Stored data
===

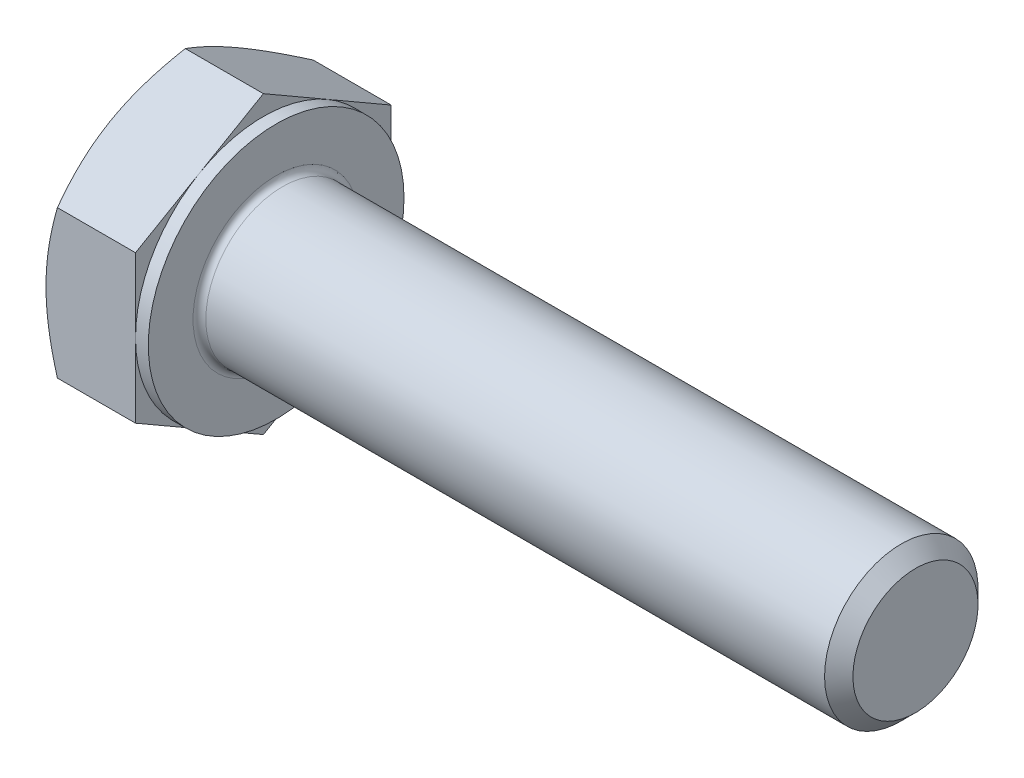
ISO-10303-21;
HEADER;
FILE_DESCRIPTION(('STEP AP214'),'2;1');
FILE_NAME('part.step','',(''),(''),'','','');
FILE_SCHEMA(('AUTOMOTIVE_DESIGN { 1 0 10303 214 1 1 1 1 }'));
ENDSEC;
DATA;
#1=APPLICATION_CONTEXT('core data for automotive mechanical design processes');
#2=APPLICATION_PROTOCOL_DEFINITION('international standard','automotive_design',2000,#1);
#3=PRODUCT_CONTEXT('',#1,'mechanical');
#4=PRODUCT('Part','Part','',(#3));
#5=PRODUCT_RELATED_PRODUCT_CATEGORY('part','',(#4));
#6=PRODUCT_DEFINITION_FORMATION('','',#4);
#7=PRODUCT_DEFINITION_CONTEXT('part definition',#1,'design');
#8=PRODUCT_DEFINITION('design','',#6,#7);
#9=PRODUCT_DEFINITION_SHAPE('','',#8);
#10=(LENGTH_UNIT() NAMED_UNIT(*) SI_UNIT(.MILLI.,.METRE.));
#11=(NAMED_UNIT(*) PLANE_ANGLE_UNIT() SI_UNIT($,.RADIAN.));
#12=(NAMED_UNIT(*) SI_UNIT($,.STERADIAN.) SOLID_ANGLE_UNIT());
#13=UNCERTAINTY_MEASURE_WITH_UNIT(LENGTH_MEASURE(1.E-05),#10,'distance_accuracy_value','');
#14=(GEOMETRIC_REPRESENTATION_CONTEXT(3) GLOBAL_UNCERTAINTY_ASSIGNED_CONTEXT((#13)) GLOBAL_UNIT_ASSIGNED_CONTEXT((#10,
#11,#12)) REPRESENTATION_CONTEXT('',''));
#15=CARTESIAN_POINT('',(0.,0.,0.));
#16=DIRECTION('',(0.,0.,1.));
#17=DIRECTION('',(1.,0.,0.));
#18=AXIS2_PLACEMENT_3D('',#15,#16,#17);
#19=CARTESIAN_POINT('',(4.,5.77350269189627,0.));
#20=DIRECTION('',(1.,0.,0.));
#21=DIRECTION('',(0.,0.,-1.));
#22=AXIS2_PLACEMENT_3D('',#19,#20,#21);
#23=PLANE('',#22);
#24=CARTESIAN_POINT('',(4.,0.,0.));
#25=DIRECTION('',(1.,0.,0.));
#26=DIRECTION('',(0.,0.,-1.));
#27=AXIS2_PLACEMENT_3D('',#24,#25,#26);
#28=CIRCLE('',#27,3.25);
#29=CARTESIAN_POINT('',(4.,0.,-3.25));
#30=VERTEX_POINT('',#29);
#31=EDGE_CURVE('E41',#30,#30,#28,.F.);
#32=ORIENTED_EDGE('',*,*,#31,.T.);
#33=EDGE_LOOP('',(#32));
#34=FACE_BOUND('',#33,.T.);
#35=CARTESIAN_POINT('',(4.,0.,0.));
#36=DIRECTION('',(1.,0.,0.));
#37=DIRECTION('',(0.,0.,-1.));
#38=AXIS2_PLACEMENT_3D('',#35,#36,#37);
#39=CIRCLE('',#38,5.);
#40=CARTESIAN_POINT('',(4.,0.,-5.));
#41=VERTEX_POINT('',#40);
#42=EDGE_CURVE('E292',#41,#41,#39,.T.);
#43=ORIENTED_EDGE('',*,*,#42,.T.);
#44=EDGE_LOOP('',(#43));
#45=FACE_BOUND('',#44,.T.);
#46=ADVANCED_FACE('F33',(#34,#45),#23,.T.);
#47=CARTESIAN_POINT('',(0.,0.,0.));
#48=DIRECTION('',(-1.,0.,0.));
#49=DIRECTION('',(0.,0.,1.));
#50=AXIS2_PLACEMENT_3D('',#47,#48,#49);
#51=CYLINDRICAL_SURFACE('',#50,3.);
#52=CARTESIAN_POINT('',(4.25,0.,0.));
#53=DIRECTION('',(1.,0.,0.));
#54=DIRECTION('',(0.,0.,-1.));
#55=AXIS2_PLACEMENT_3D('',#52,#53,#54);
#56=CIRCLE('',#55,3.);
#57=CARTESIAN_POINT('',(4.25,0.,-3.));
#58=VERTEX_POINT('',#57);
#59=EDGE_CURVE('E11',#58,#58,#56,.T.);
#60=ORIENTED_EDGE('',*,*,#59,.T.);
#61=EDGE_LOOP('',(#60));
#62=FACE_BOUND('',#61,.T.);
#63=CARTESIAN_POINT('',(28.4455,0.,0.));
#64=DIRECTION('',(-1.,0.,0.));
#65=DIRECTION('',(0.,0.,1.));
#66=AXIS2_PLACEMENT_3D('',#63,#64,#65);
#67=CIRCLE('',#66,3.);
#68=CARTESIAN_POINT('',(28.4455,0.,3.));
#69=VERTEX_POINT('',#68);
#70=EDGE_CURVE('E271',#69,#69,#67,.T.);
#71=ORIENTED_EDGE('',*,*,#70,.T.);
#72=EDGE_LOOP('',(#71));
#73=FACE_BOUND('',#72,.T.);
#74=ADVANCED_FACE('F245',(#62,#73),#51,.T.);
#75=CARTESIAN_POINT('',(29.,0.,0.));
#76=DIRECTION('',(-1.,0.,0.));
#77=DIRECTION('',(0.,0.,1.));
#78=AXIS2_PLACEMENT_3D('',#75,#76,#77);
#79=CONICAL_SURFACE('',#78,2.4455,0.785398163397476);
#80=ORIENTED_EDGE('',*,*,#70,.F.);
#81=EDGE_LOOP('',(#80));
#82=FACE_BOUND('',#81,.T.);
#83=CARTESIAN_POINT('',(29.,0.,0.));
#84=DIRECTION('',(-1.,0.,0.));
#85=DIRECTION('',(0.,0.,1.));
#86=AXIS2_PLACEMENT_3D('',#83,#84,#85);
#87=CIRCLE('',#86,2.4455);
#88=CARTESIAN_POINT('',(29.,0.,2.4455));
#89=VERTEX_POINT('',#88);
#90=EDGE_CURVE('E269',#89,#89,#87,.T.);
#91=ORIENTED_EDGE('',*,*,#90,.T.);
#92=EDGE_LOOP('',(#91));
#93=FACE_BOUND('',#92,.T.);
#94=ADVANCED_FACE('F250',(#82,#93),#79,.T.);
#95=CARTESIAN_POINT('',(29.,0.,0.));
#96=DIRECTION('',(-1.,0.,0.));
#97=DIRECTION('',(0.,0.,1.));
#98=AXIS2_PLACEMENT_3D('',#95,#96,#97);
#99=PLANE('',#98);
#100=ORIENTED_EDGE('',*,*,#90,.F.);
#101=EDGE_LOOP('',(#100));
#102=FACE_BOUND('',#101,.T.);
#103=ADVANCED_FACE('F257',(#102),#99,.F.);
#104=CARTESIAN_POINT('',(3.5,5.,0.));
#105=DIRECTION('',(1.,0.,0.));
#106=DIRECTION('',(0.,0.,-1.));
#107=AXIS2_PLACEMENT_3D('',#104,#105,#106);
#108=PLANE('',#107);
#109=DIRECTION('',(0.,0.500000000000001,0.866025403784438));
#110=VECTOR('',#109,1.);
#111=CARTESIAN_POINT('',(3.5,2.88675134594813,-5.));
#112=LINE('',#111,#110);
#113=CARTESIAN_POINT('',(3.5,2.88675134594813,-5.));
#114=VERTEX_POINT('',#113);
#115=CARTESIAN_POINT('',(3.5,4.33012701892219,-2.50000000000001));
#116=VERTEX_POINT('',#115);
#117=EDGE_CURVE('E165',#114,#116,#112,.T.);
#118=ORIENTED_EDGE('',*,*,#117,.T.);
#119=CARTESIAN_POINT('',(3.5,0.,0.));
#120=DIRECTION('',(-1.,0.,0.));
#121=DIRECTION('',(0.,0.,1.));
#122=AXIS2_PLACEMENT_3D('',#119,#120,#121);
#123=CIRCLE('',#122,5.);
#124=CARTESIAN_POINT('',(3.5,0.,-5.));
#125=VERTEX_POINT('',#124);
#126=EDGE_CURVE('E48',#116,#125,#123,.T.);
#127=ORIENTED_EDGE('',*,*,#126,.T.);
#128=DIRECTION('',(0.,1.,0.));
#129=VECTOR('',#128,1.);
#130=CARTESIAN_POINT('',(3.5,2.88675134594813,-5.));
#131=LINE('',#130,#129);
#132=EDGE_CURVE('E295',#125,#114,#131,.T.);
#133=ORIENTED_EDGE('',*,*,#132,.T.);
#134=EDGE_LOOP('',(#118,#127,#133));
#135=FACE_BOUND('',#134,.T.);
#136=ADVANCED_FACE('F260',(#135),#108,.T.);
#137=CARTESIAN_POINT('',(3.5,5.77350269189627,0.));
#138=VERTEX_POINT('',#137);
#139=EDGE_CURVE('E163',#116,#138,#112,.T.);
#140=ORIENTED_EDGE('',*,*,#139,.T.);
#141=DIRECTION('',(0.,-0.500000000000001,0.866025403784438));
#142=VECTOR('',#141,1.);
#143=CARTESIAN_POINT('',(3.5,5.77350269189627,0.));
#144=LINE('',#143,#142);
#145=CARTESIAN_POINT('',(3.5,4.33012701892219,2.5));
#146=VERTEX_POINT('',#145);
#147=EDGE_CURVE('E162',#138,#146,#144,.T.);
#148=ORIENTED_EDGE('',*,*,#147,.T.);
#149=EDGE_CURVE('E151',#146,#116,#123,.T.);
#150=ORIENTED_EDGE('',*,*,#149,.T.);
#151=EDGE_LOOP('',(#140,#148,#150));
#152=FACE_BOUND('',#151,.T.);
#153=ADVANCED_FACE('F265',(#152),#108,.T.);
#154=CARTESIAN_POINT('',(3.5,2.88675134594813,5.));
#155=VERTEX_POINT('',#154);
#156=EDGE_CURVE('E130',#146,#155,#144,.T.);
#157=ORIENTED_EDGE('',*,*,#156,.T.);
#158=DIRECTION('',(0.,-1.,0.));
#159=VECTOR('',#158,1.);
#160=CARTESIAN_POINT('',(3.5,2.88675134594813,5.));
#161=LINE('',#160,#159);
#162=CARTESIAN_POINT('',(3.5,0.,5.));
#163=VERTEX_POINT('',#162);
#164=EDGE_CURVE('E124',#155,#163,#161,.T.);
#165=ORIENTED_EDGE('',*,*,#164,.T.);
#166=EDGE_CURVE('E128',#163,#146,#123,.T.);
#167=ORIENTED_EDGE('',*,*,#166,.T.);
#168=EDGE_LOOP('',(#157,#165,#167));
#169=FACE_BOUND('',#168,.T.);
#170=ADVANCED_FACE('F126',(#169),#108,.T.);
#171=CARTESIAN_POINT('',(3.5,-2.88675134594812,5.));
#172=VERTEX_POINT('',#171);
#173=EDGE_CURVE('E134',#163,#172,#161,.T.);
#174=ORIENTED_EDGE('',*,*,#173,.T.);
#175=DIRECTION('',(0.,-0.500000000000001,-0.866025403784438));
#176=VECTOR('',#175,1.);
#177=CARTESIAN_POINT('',(3.5,-5.77350269189626,0.));
#178=LINE('',#177,#176);
#179=CARTESIAN_POINT('',(3.5,-4.33012701892219,2.50000000000001));
#180=VERTEX_POINT('',#179);
#181=EDGE_CURVE('E141',#172,#180,#178,.T.);
#182=ORIENTED_EDGE('',*,*,#181,.T.);
#183=EDGE_CURVE('E138',#180,#163,#123,.T.);
#184=ORIENTED_EDGE('',*,*,#183,.T.);
#185=EDGE_LOOP('',(#174,#182,#184));
#186=FACE_BOUND('',#185,.T.);
#187=ADVANCED_FACE('F139',(#186),#108,.T.);
#188=CARTESIAN_POINT('',(3.5,-5.77350269189626,0.));
#189=VERTEX_POINT('',#188);
#190=EDGE_CURVE('E157',#180,#189,#178,.T.);
#191=ORIENTED_EDGE('',*,*,#190,.T.);
#192=DIRECTION('',(0.,0.5,-0.866025403784439));
#193=VECTOR('',#192,1.);
#194=CARTESIAN_POINT('',(3.5,-2.88675134594813,-5.));
#195=LINE('',#194,#193);
#196=CARTESIAN_POINT('',(3.5,-4.3301270189222,-2.5));
#197=VERTEX_POINT('',#196);
#198=EDGE_CURVE('E333',#189,#197,#195,.T.);
#199=ORIENTED_EDGE('',*,*,#198,.T.);
#200=EDGE_CURVE('E145',#197,#180,#123,.T.);
#201=ORIENTED_EDGE('',*,*,#200,.T.);
#202=EDGE_LOOP('',(#191,#199,#201));
#203=FACE_BOUND('',#202,.T.);
#204=ADVANCED_FACE('F334',(#203),#108,.T.);
#205=CARTESIAN_POINT('',(3.5,-2.88675134594813,-5.));
#206=VERTEX_POINT('',#205);
#207=EDGE_CURVE('E152',#197,#206,#195,.T.);
#208=ORIENTED_EDGE('',*,*,#207,.T.);
#209=EDGE_CURVE('E296',#206,#125,#131,.T.);
#210=ORIENTED_EDGE('',*,*,#209,.T.);
#211=EDGE_CURVE('E303',#125,#197,#123,.T.);
#212=ORIENTED_EDGE('',*,*,#211,.T.);
#213=EDGE_LOOP('',(#208,#210,#212));
#214=FACE_BOUND('',#213,.T.);
#215=ADVANCED_FACE('F266',(#214),#108,.T.);
#216=CARTESIAN_POINT('',(0.,0.,0.));
#217=DIRECTION('',(-1.,0.,0.));
#218=DIRECTION('',(0.,0.,1.));
#219=AXIS2_PLACEMENT_3D('',#216,#217,#218);
#220=CYLINDRICAL_SURFACE('',#219,5.);
#221=ORIENTED_EDGE('',*,*,#126,.F.);
#222=ORIENTED_EDGE('',*,*,#149,.F.);
#223=ORIENTED_EDGE('',*,*,#166,.F.);
#224=ORIENTED_EDGE('',*,*,#183,.F.);
#225=ORIENTED_EDGE('',*,*,#200,.F.);
#226=ORIENTED_EDGE('',*,*,#211,.F.);
#227=EDGE_LOOP('',(#221,#222,#223,#224,#225,#226));
#228=FACE_BOUND('',#227,.T.);
#229=ORIENTED_EDGE('',*,*,#42,.F.);
#230=EDGE_LOOP('',(#229));
#231=FACE_BOUND('',#230,.T.);
#232=ADVANCED_FACE('F148',(#228,#231),#220,.T.);
#233=CARTESIAN_POINT('',(0.,5.77350269189627,0.));
#234=DIRECTION('',(1.,0.,0.));
#235=DIRECTION('',(0.,0.,-1.));
#236=AXIS2_PLACEMENT_3D('',#233,#234,#235);
#237=PLANE('',#236);
#238=CARTESIAN_POINT('',(0.,0.,0.));
#239=DIRECTION('',(1.,0.,0.));
#240=DIRECTION('',(0.,0.,-1.));
#241=AXIS2_PLACEMENT_3D('',#238,#239,#240);
#242=CIRCLE('',#241,5.);
#243=CARTESIAN_POINT('',(0.,0.,-5.));
#244=VERTEX_POINT('',#243);
#245=CARTESIAN_POINT('',(0.,4.33012701892219,-2.50000000000001));
#246=VERTEX_POINT('',#245);
#247=EDGE_CURVE('E291',#244,#246,#242,.T.);
#248=ORIENTED_EDGE('',*,*,#247,.F.);
#249=CARTESIAN_POINT('',(0.,-4.3301270189222,-2.5));
#250=VERTEX_POINT('',#249);
#251=EDGE_CURVE('E287',#250,#244,#242,.T.);
#252=ORIENTED_EDGE('',*,*,#251,.F.);
#253=CARTESIAN_POINT('',(0.,-4.33012701892219,2.50000000000001));
#254=VERTEX_POINT('',#253);
#255=EDGE_CURVE('E290',#254,#250,#242,.T.);
#256=ORIENTED_EDGE('',*,*,#255,.F.);
#257=CARTESIAN_POINT('',(0.,0.,5.));
#258=VERTEX_POINT('',#257);
#259=EDGE_CURVE('E326',#258,#254,#242,.T.);
#260=ORIENTED_EDGE('',*,*,#259,.F.);
#261=CARTESIAN_POINT('',(0.,0.,0.));
#262=DIRECTION('',(-1.,0.,0.));
#263=DIRECTION('',(0.,0.,1.));
#264=AXIS2_PLACEMENT_3D('',#261,#262,#263);
#265=CIRCLE('',#264,5.);
#266=CARTESIAN_POINT('',(0.,4.33012701892219,2.5));
#267=VERTEX_POINT('',#266);
#268=EDGE_CURVE('E166',#258,#267,#265,.T.);
#269=ORIENTED_EDGE('',*,*,#268,.T.);
#270=EDGE_CURVE('E349',#246,#267,#242,.T.);
#271=ORIENTED_EDGE('',*,*,#270,.F.);
#272=EDGE_LOOP('',(#248,#252,#256,#260,#269,#271));
#273=FACE_BOUND('',#272,.T.);
#274=ADVANCED_FACE('F195',(#273),#237,.F.);
#275=CARTESIAN_POINT('',(0.,0.,0.));
#276=DIRECTION('',(1.,0.,0.));
#277=DIRECTION('',(0.,0.,-1.));
#278=AXIS2_PLACEMENT_3D('',#275,#276,#277);
#279=CONICAL_SURFACE('',#278,5.,1.0471975511966);
#280=CARTESIAN_POINT('',(0.446648656051824,2.88663587589429,5.0002));
#281=CARTESIAN_POINT('',(0.373386567637631,3.01349970319368,4.78046540547481));
#282=CARTESIAN_POINT('',(0.306751321918089,3.14144859993849,4.55885141554042));
#283=CARTESIAN_POINT('',(0.19043899101081,3.39956193532121,4.11178600454649));
#284=CARTESIAN_POINT('',(0.140803049915789,3.52973095989718,3.88632664040923));
#285=CARTESIAN_POINT('',(0.0635510254186988,3.78847564779798,3.43816769477649));
#286=CARTESIAN_POINT('',(0.0354203782834906,3.91701101576052,3.21553790689581));
#287=CARTESIAN_POINT('',(0.0101949219536863,4.11026620624323,2.88081009815336));
#288=CARTESIAN_POINT('',(0.00461345976948592,4.17472868879311,2.76915780319494));
#289=CARTESIAN_POINT('',(-0.000797783248527357,4.30371322717528,2.5457500293262));
#290=CARTESIAN_POINT('',(-0.000627741741793914,4.36823528110589,2.43399455370969));
#291=CARTESIAN_POINT('',(0.00775363179203963,4.54500768479195,2.12781576914936));
#292=CARTESIAN_POINT('',(0.0218297718972545,4.65719946015293,1.93349391403279));
#293=CARTESIAN_POINT('',(0.0664652571094336,4.88083840557982,1.54613989800229));
#294=CARTESIAN_POINT('',(0.0970398601475108,4.99228478956021,1.35310909862843));
#295=CARTESIAN_POINT('',(0.173468493621166,5.21637431361296,0.964974657525145));
#296=CARTESIAN_POINT('',(0.219646378878682,5.32898917185759,0.769920001358264));
#297=CARTESIAN_POINT('',(0.324451794491935,5.55253939626499,0.382719654641231));
#298=CARTESIAN_POINT('',(0.383054703437375,5.66347762579593,0.190569004591913));
#299=CARTESIAN_POINT('',(0.446648656051829,5.7736181619501,-0.000200000000000198));
#300=B_SPLINE_CURVE_WITH_KNOTS('',3,(#280,#281,#282,#283,#284,#285,#286,#287,#288,#289,#290,
#291,#292,#293,#294,#295,#296,#297,#298,#299),.UNSPECIFIED.,.F.,.F.,(4,2,2,2,2,2,2,2,2,4),(0.,
0.79255584136309,1.58701660053333,2.3618153748728,2.74884076077325,3.13585419177295,
3.80962362599679,4.48401723901189,5.17336882348929,5.86136694793725),.UNSPECIFIED.);
#301=CARTESIAN_POINT('',(0.446581987385202,5.77350269189627,0.));
#302=VERTEX_POINT('',#301);
#303=EDGE_CURVE('E214',#267,#302,#300,.T.);
#304=ORIENTED_EDGE('',*,*,#303,.T.);
#305=CARTESIAN_POINT('',(0.446648656051829,5.7736181619501,0.0002));
#306=CARTESIAN_POINT('',(0.373386567637635,5.64675433465071,-0.219534594525185));
#307=CARTESIAN_POINT('',(0.306751321918093,5.5188054379059,-0.44114858445958));
#308=CARTESIAN_POINT('',(0.190438991010812,5.26069210252319,-0.888213995453513));
#309=CARTESIAN_POINT('',(0.140803049915791,5.13052307794722,-1.11367335959077));
#310=CARTESIAN_POINT('',(0.0635510254187,4.87177839004642,-1.56183230522351));
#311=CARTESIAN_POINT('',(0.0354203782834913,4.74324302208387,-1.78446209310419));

===

The expected output is an exact copy of the lines from the top of the data above through the line containing "#12=(NAMED_UNIT(*) SI_UNIT($,.STERADIAN.) SOLID_ANGLE_UNIT());", both included, with every picture omitted.

ISO-10303-21;
HEADER;
FILE_DESCRIPTION(('STEP AP214'),'2;1');
FILE_NAME('part.step','',(''),(''),'','','');
FILE_SCHEMA(('AUTOMOTIVE_DESIGN { 1 0 10303 214 1 1 1 1 }'));
ENDSEC;
DATA;
#1=APPLICATION_CONTEXT('core data for automotive mechanical design processes');
#2=APPLICATION_PROTOCOL_DEFINITION('international standard','automotive_design',2000,#1);
#3=PRODUCT_CONTEXT('',#1,'mechanical');
#4=PRODUCT('Part','Part','',(#3));
#5=PRODUCT_RELATED_PRODUCT_CATEGORY('part','',(#4));
#6=PRODUCT_DEFINITION_FORMATION('','',#4);
#7=PRODUCT_DEFINITION_CONTEXT('part definition',#1,'design');
#8=PRODUCT_DEFINITION('design','',#6,#7);
#9=PRODUCT_DEFINITION_SHAPE('','',#8);
#10=(LENGTH_UNIT() NAMED_UNIT(*) SI_UNIT(.MILLI.,.METRE.));
#11=(NAMED_UNIT(*) PLANE_ANGLE_UNIT() SI_UNIT($,.RADIAN.));
#12=(NAMED_UNIT(*) SI_UNIT($,.STERADIAN.) SOLID_ANGLE_UNIT());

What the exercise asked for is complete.